We can also use the default choice that R provides to produce a size of the matrix in terms of the maximum size of one of its columns, treated as

\[ \parallel \mathbf{A} \parallel_1 = \max_{j=1, \cdots, p} \sum_{i=1}^n \vert a_{i,j}\vert \]

- For a generic matrix, we can see the differences in the length estimation as follows:

```
A <- matrix(c(1,2), nrow=2, ncol=2, byrow=TRUE)
A
```

```
[,1] [,2]
[1,] 1 2
[2,] 1 2
```

```
norm(A) # default norm
```

```
[1] 4
```

```
norm(A, type="f") # frobenius norm
```

```
[1] 3.162278
```

- Note the eigenvalue decomposition as,

```
eigen(t(A) %*% A)
```

```
eigen() decomposition
$values
[1] 10 0
$vectors
[,1] [,2]
[1,] 0.4472136 -0.8944272
[2,] 0.8944272 0.4472136
```

- and therefore we find \( \parallel \mathbf{A}\parallel_F = \sqrt{\mathrm{tr\left(\mathbf{A}^\mathrm{T} \mathbf{A}\right)}}= \sqrt{10 + 0} = \)

```
sqrt(10)
```

```
[1] 3.162278
```

```
norm(A, type="f")
```

```
[1] 3.162278
```

- The main ideas to take away from this introduction to matrix algebra are the following:
- Matrix multiplication is a general case of vector
**multiplication of rows versus columns**. This is fundamentally different from the element-wise multiplication which does not contain the same mathematical / geometric meaning of the inner product or matrix product.

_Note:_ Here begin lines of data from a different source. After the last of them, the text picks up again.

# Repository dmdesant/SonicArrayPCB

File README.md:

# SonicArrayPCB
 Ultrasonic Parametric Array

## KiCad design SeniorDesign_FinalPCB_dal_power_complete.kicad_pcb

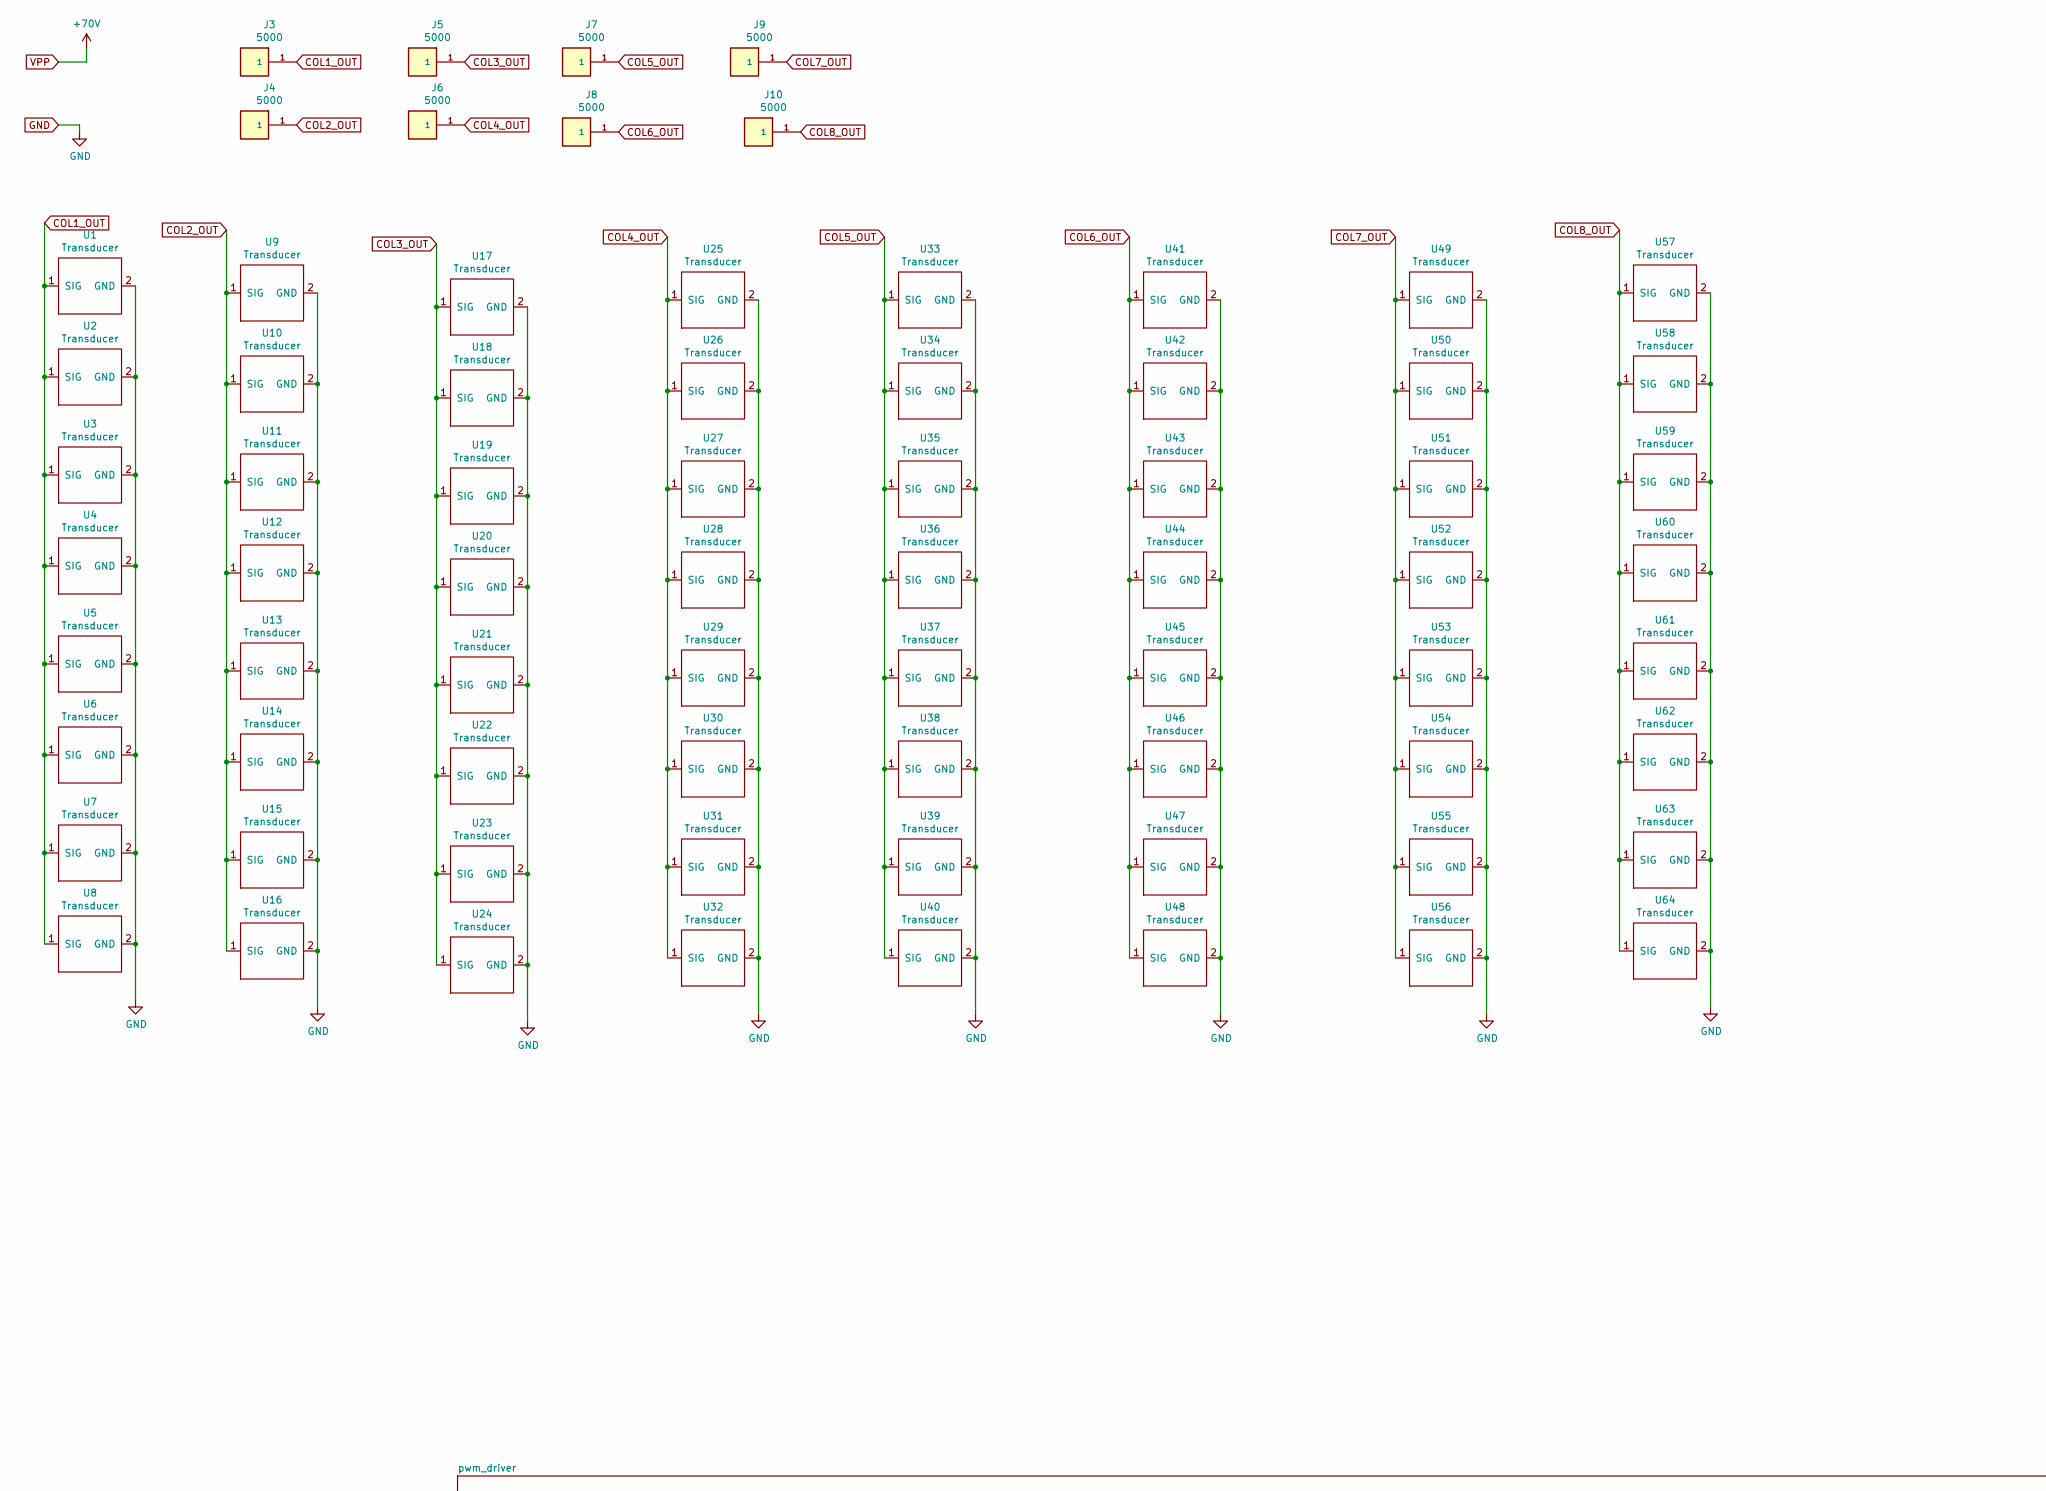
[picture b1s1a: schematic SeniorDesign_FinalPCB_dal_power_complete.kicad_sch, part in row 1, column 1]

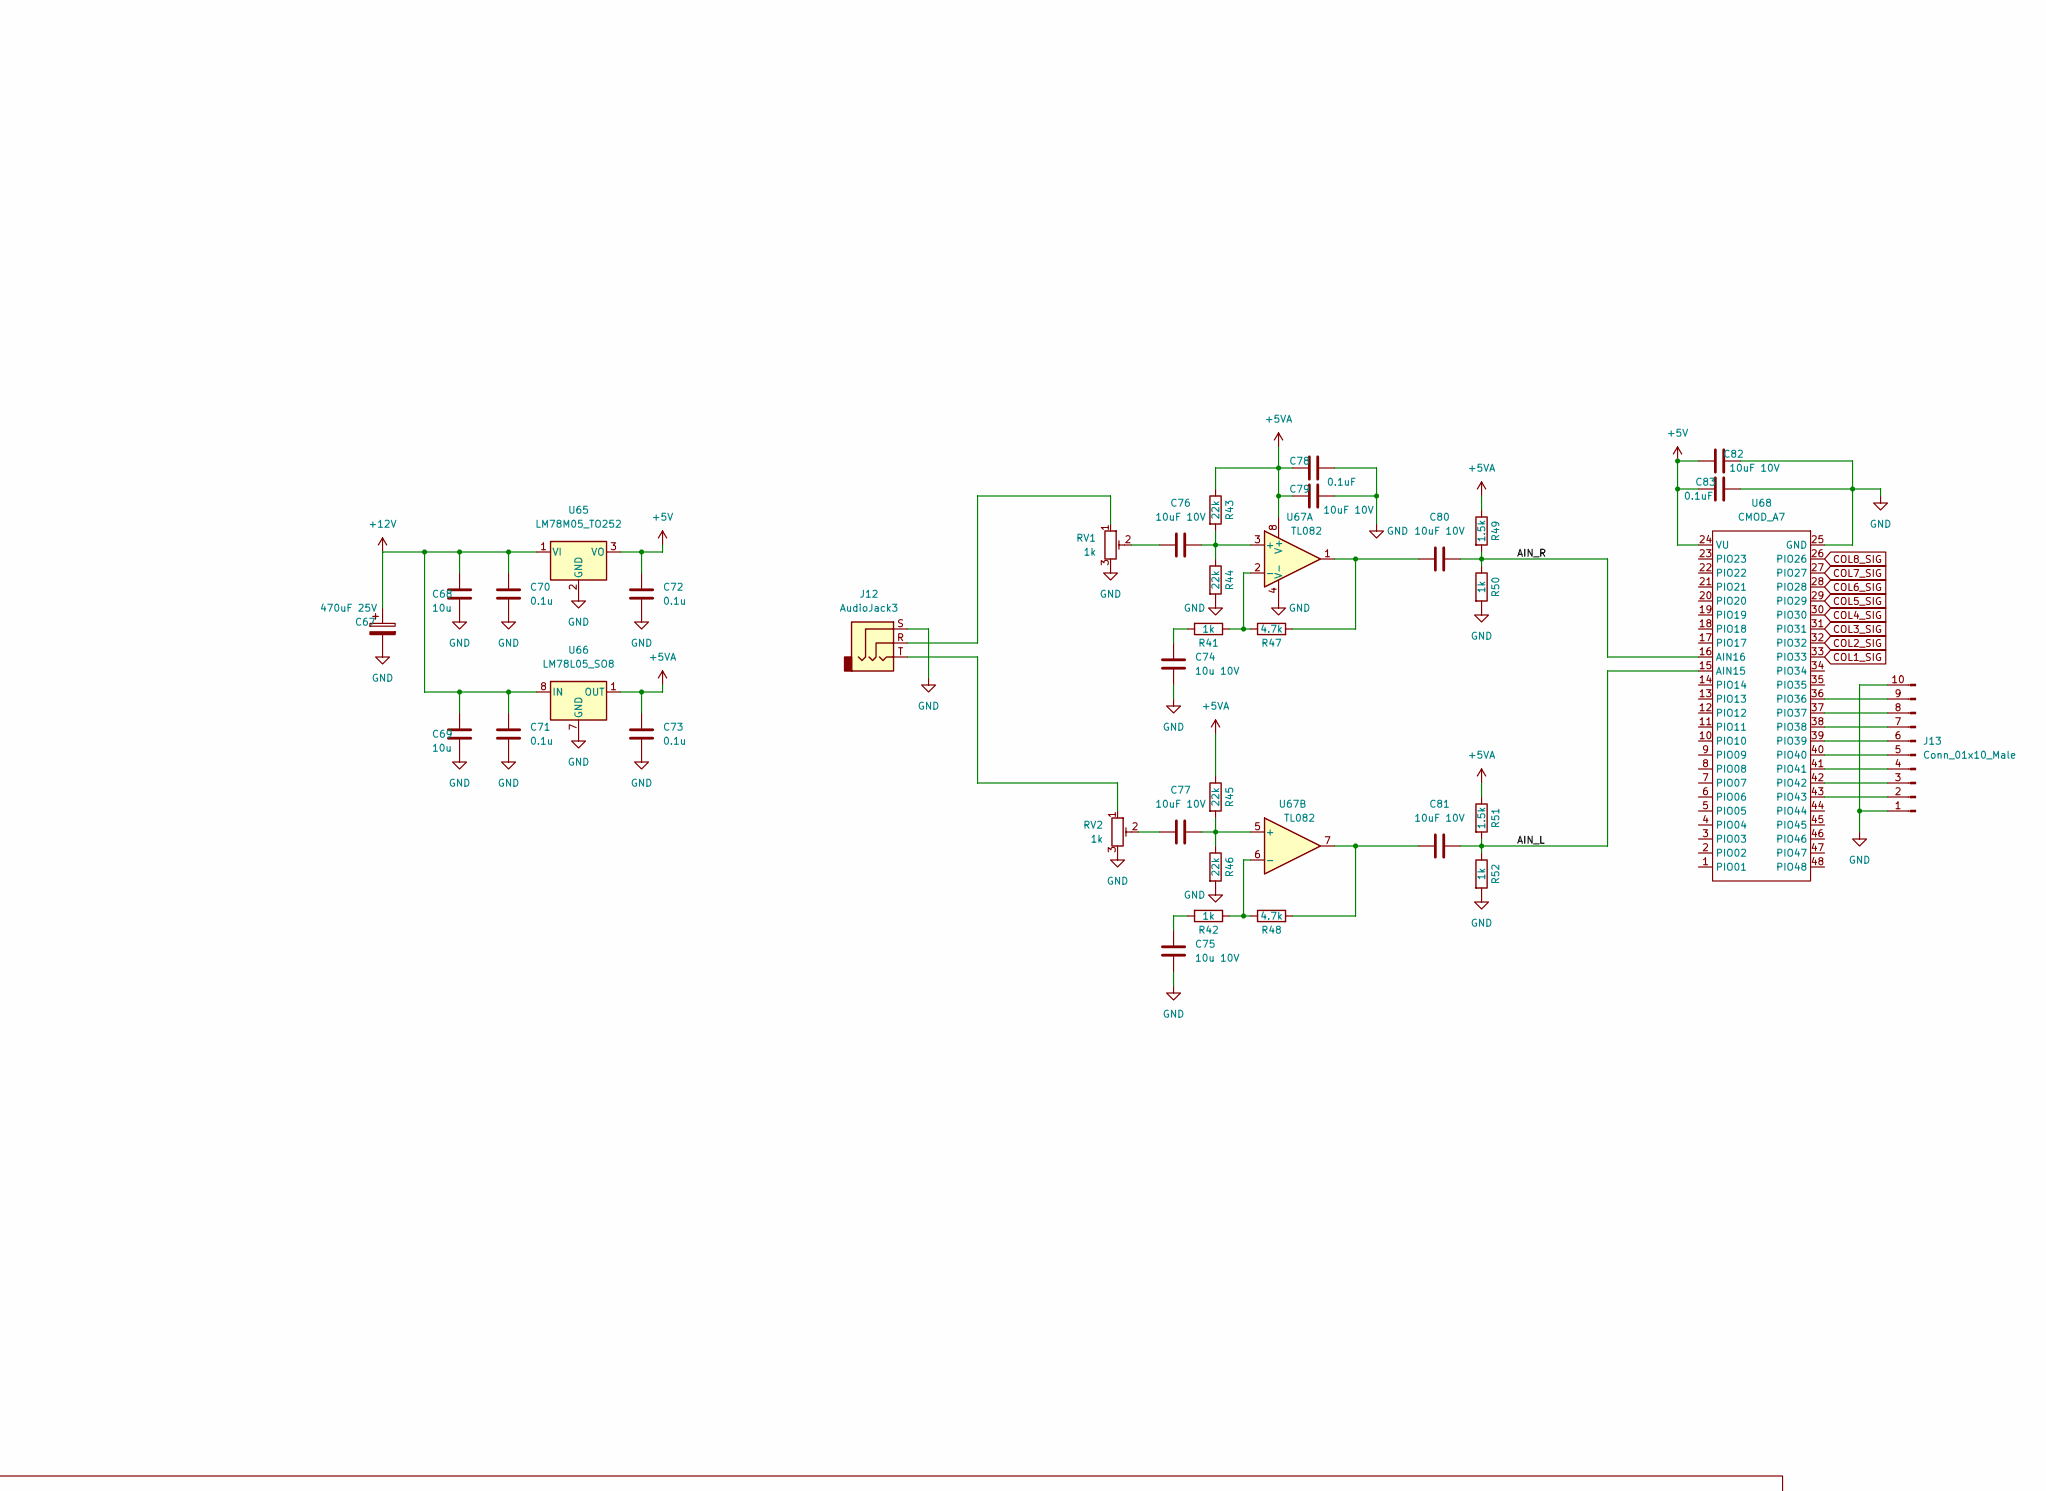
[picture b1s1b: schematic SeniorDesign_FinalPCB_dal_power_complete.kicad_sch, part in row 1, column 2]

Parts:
C67: 470uF 25V; CP_Elec_10x10
C68, C69: 10u; C_0603_1608Metric
C70, C71, C72, C73: 0.1u; C_0603_1608Metric
C74, C75: 10u 10V; C_0603_1608Metric; PartNum GMC10X5R106K10NT
C76, C77, C79, C80, C81, C82: 10uF 10V; C_0603_1608Metric
C78, C83: 0.1uF; C_0603_1608Metric
J3, J4, J5, J6, J7, J8, J9, J10: 5000; KEYSTONE_5000_TestPoint
J12: AudioJack3; Jack_3.5mm_CUI_SJ-3523-SMT_Horizontal
J13: Conn_01x10_Male; PinHeader_1x10_P2.54mm_Vertical
R41, R42, R50, R52: 1k; R_0603_1608Metric
R43, R44, R45, R46: 22k; R_0603_1608Metric
R47, R48: 4.7k; R_0603_1608Metric
R49, R51: 1.5k; R_0603_1608Metric
RV1, RV2: 1k; Potentiometer_Bourns_3314J_Vertical
U1, U2, U3, U4, U5, U6, U7, U8, U9, U10, U11, U12, U13, U14, U15, U16, U17, U18, U19, U20, U21, U22, U23, U24, U25, U26, U27, U28, U29, U30, U31, U32, U33, U34, U35, U36, U37, U38, U39, U40, U41, U42, U43, U44, U45, U46, U47, U48, U49, U50, U51, U52, U53, U54, U55, U56, U57, U58, U59, U60, U61, U62, U63, U64: Transducer
U65: LM78M05_TO252; TO-252-2
U66: LM78L05_SO8; SOIC-8_3.9x4.9mm_P1.27mm
U67: TL082; DIP-8_W7.62mm_LongPads
U68: CMOD_A7; CMOD A7

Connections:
+5V: C72.1, C82.1, C83.1, U65.3 (VO), U68.24 (VU)
+5VA: C73.1, C78.1, C79.1, R43.1, R45.1, R49.1, R51.1, U66.1 (OUT), U67.8 (V+)
/AIN_L: C81.2, R51.2, R52.1, U68.15 (AIN15)
/AIN_R: C80.2, R49.2, R50.1, U68.16 (AIN16)
COL1_OUT: J3.1, U1.1 (SIG), U2.1 (SIG), U3.1 (SIG), U4.1 (SIG), U5.1 (SIG), U6.1 (SIG), U7.1 (SIG), U8.1 (SIG); also elsewhere on the board
COL1_SIG: U68.33 (PIO33); also elsewhere on the board
COL2_OUT: J4.1, U9.1 (SIG), U10.1 (SIG), U11.1 (SIG), U12.1 (SIG), U13.1 (SIG), U14.1 (SIG), U15.1 (SIG), U16.1 (SIG); also elsewhere on the board
COL2_SIG: U68.32 (PIO32); also elsewhere on the board
COL3_OUT: J5.1, U17.1 (SIG), U18.1 (SIG), U19.1 (SIG), U20.1 (SIG), U21.1 (SIG), U22.1 (SIG), U23.1 (SIG), U24.1 (SIG); also elsewhere on the board
COL3_SIG: U68.31 (PIO31); also elsewhere on the board
COL4_OUT: J6.1, U25.1 (SIG), U26.1 (SIG), U27.1 (SIG), U28.1 (SIG), U29.1 (SIG), U30.1 (SIG), U31.1 (SIG), U32.1 (SIG); also elsewhere on the board
COL4_SIG: U68.30 (PIO30); also elsewhere on the board
COL5_OUT: J7.1, U33.1 (SIG), U34.1 (SIG), U35.1 (SIG), U36.1 (SIG), U37.1 (SIG), U38.1 (SIG), U39.1 (SIG), U40.1 (SIG); also elsewhere on the board
COL5_SIG: U68.29 (PIO29); also elsewhere on the board
COL6_OUT: J8.1, U41.1 (SIG), U42.1 (SIG), U43.1 (SIG), U44.1 (SIG), U45.1 (SIG), U46.1 (SIG), U47.1 (SIG), U48.1 (SIG); also elsewhere on the board
COL6_SIG: U68.28 (PIO28); also elsewhere on the board
COL7_OUT: J9.1, U49.1 (SIG), U50.1 (SIG), U51.1 (SIG), U52.1 (SIG), U53.1 (SIG), U54.1 (SIG), U55.1 (SIG), U56.1 (SIG); also elsewhere on the board
COL7_SIG: U68.27 (PIO27); also elsewhere on the board
COL8_OUT: J10.1, U57.1 (SIG), U58.1 (SIG), U59.1 (SIG), U60.1 (SIG), U61.1 (SIG), U62.1 (SIG), U63.1 (SIG), U64.1 (SIG); also elsewhere on the board
COL8_SIG: U68.26 (PIO26); also elsewhere on the board
unnamed: C74.2, R41.2
unnamed: C75.2, R42.2
unnamed: C76.1, RV1.2
unnamed: C76.2, R43.2, R44.1, U67.3 (+)
unnamed: C77.1, RV2.2
unnamed: C77.2, R45.2, R46.1, U67.5 (+)
unnamed: C80.1, R47.2, U67.1
unnamed: C81.1, R48.2, U67.7
unnamed: J12.R, RV1.1
unnamed: J12.T, RV2.1
unnamed: J13.2, U68.43 (PIO43)
unnamed: J13.3, U68.42 (PIO42)
unnamed: J13.4, U68.41 (PIO41)
unnamed: J13.5, U68.40 (PIO40)
unnamed: J13.6, U68.39 (PIO39)
unnamed: J13.7, U68.38 (PIO38)
unnamed: J13.8, U68.37 (PIO37)
unnamed: J13.9, U68.36 (PIO36)
unnamed: R41.1, R47.1, U67.2 (-)
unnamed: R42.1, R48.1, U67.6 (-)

Paricularly, \[ \begin{align} \mathbf{a}^\mathrm{T}\mathbf{b} = \parallel \mathbf{a} \parallel * \parallel \mathbf{b} \parallel \cos\left(\theta\right), \end{align} \] so that this product is a scalar value that depends on the lengths and angle between the vectors. - The
**general matrix product**is defined as, \[ \begin{align} \mathbf{N} \mathbf{M} = \begin{pmatrix} \mathbf{n}_1^\mathrm{T} \mathbf{m_1} & \mathbf{n}_1^\mathrm{T} \mathbf{m}_2 & \cdots & \mathbf{n}_1^\mathrm{T} \mathbf{m}_M \\ \vdots & \ddots & \cdots & \vdots \\ \mathbf{n}_N^\mathrm{T} \mathbf{m}_1 & \mathbf{n}_N^\mathrm{T} \mathbf{m}_2 & \cdots & \mathbf{n}_N^\mathrm{T} \mathbf{m}_M \end{pmatrix} \in \mathbb{R}^{N\times M} \end{align} \] - As an algebra system,
**matrices only have inverses under certain conditions**:The matrix \( \mathbf{A} \) has an inverse \( \Leftrightarrow \) \( \mathrm{det}\left(\mathbf{A}\right) \neq 0 \) \( \Leftrightarrow \) \( \mathbf{A} \) has no linear dependence between its columns \( \Leftrightarrow \) the matrix \( \mathbf{A} \) has no zero eigenvalues \( \Leftrightarrow \) the linear inverse problem \( \mathbf{A}\mathbf{x} = \mathbf{b} \) has a unique solution for \( \mathbf{x} \).

**Eigenvalues and eigenvectors describe special coordinate systems**in which the effect of the matrix \( \mathbf{A} \) can be described as**diagonal or close-to-diagonal, but such coordinate systems may be complex valued**.- These also provide a useful way to describe the length of the matrix in terms of the Frobenius norm, but multiple choices of norm exist with different interpretations of length.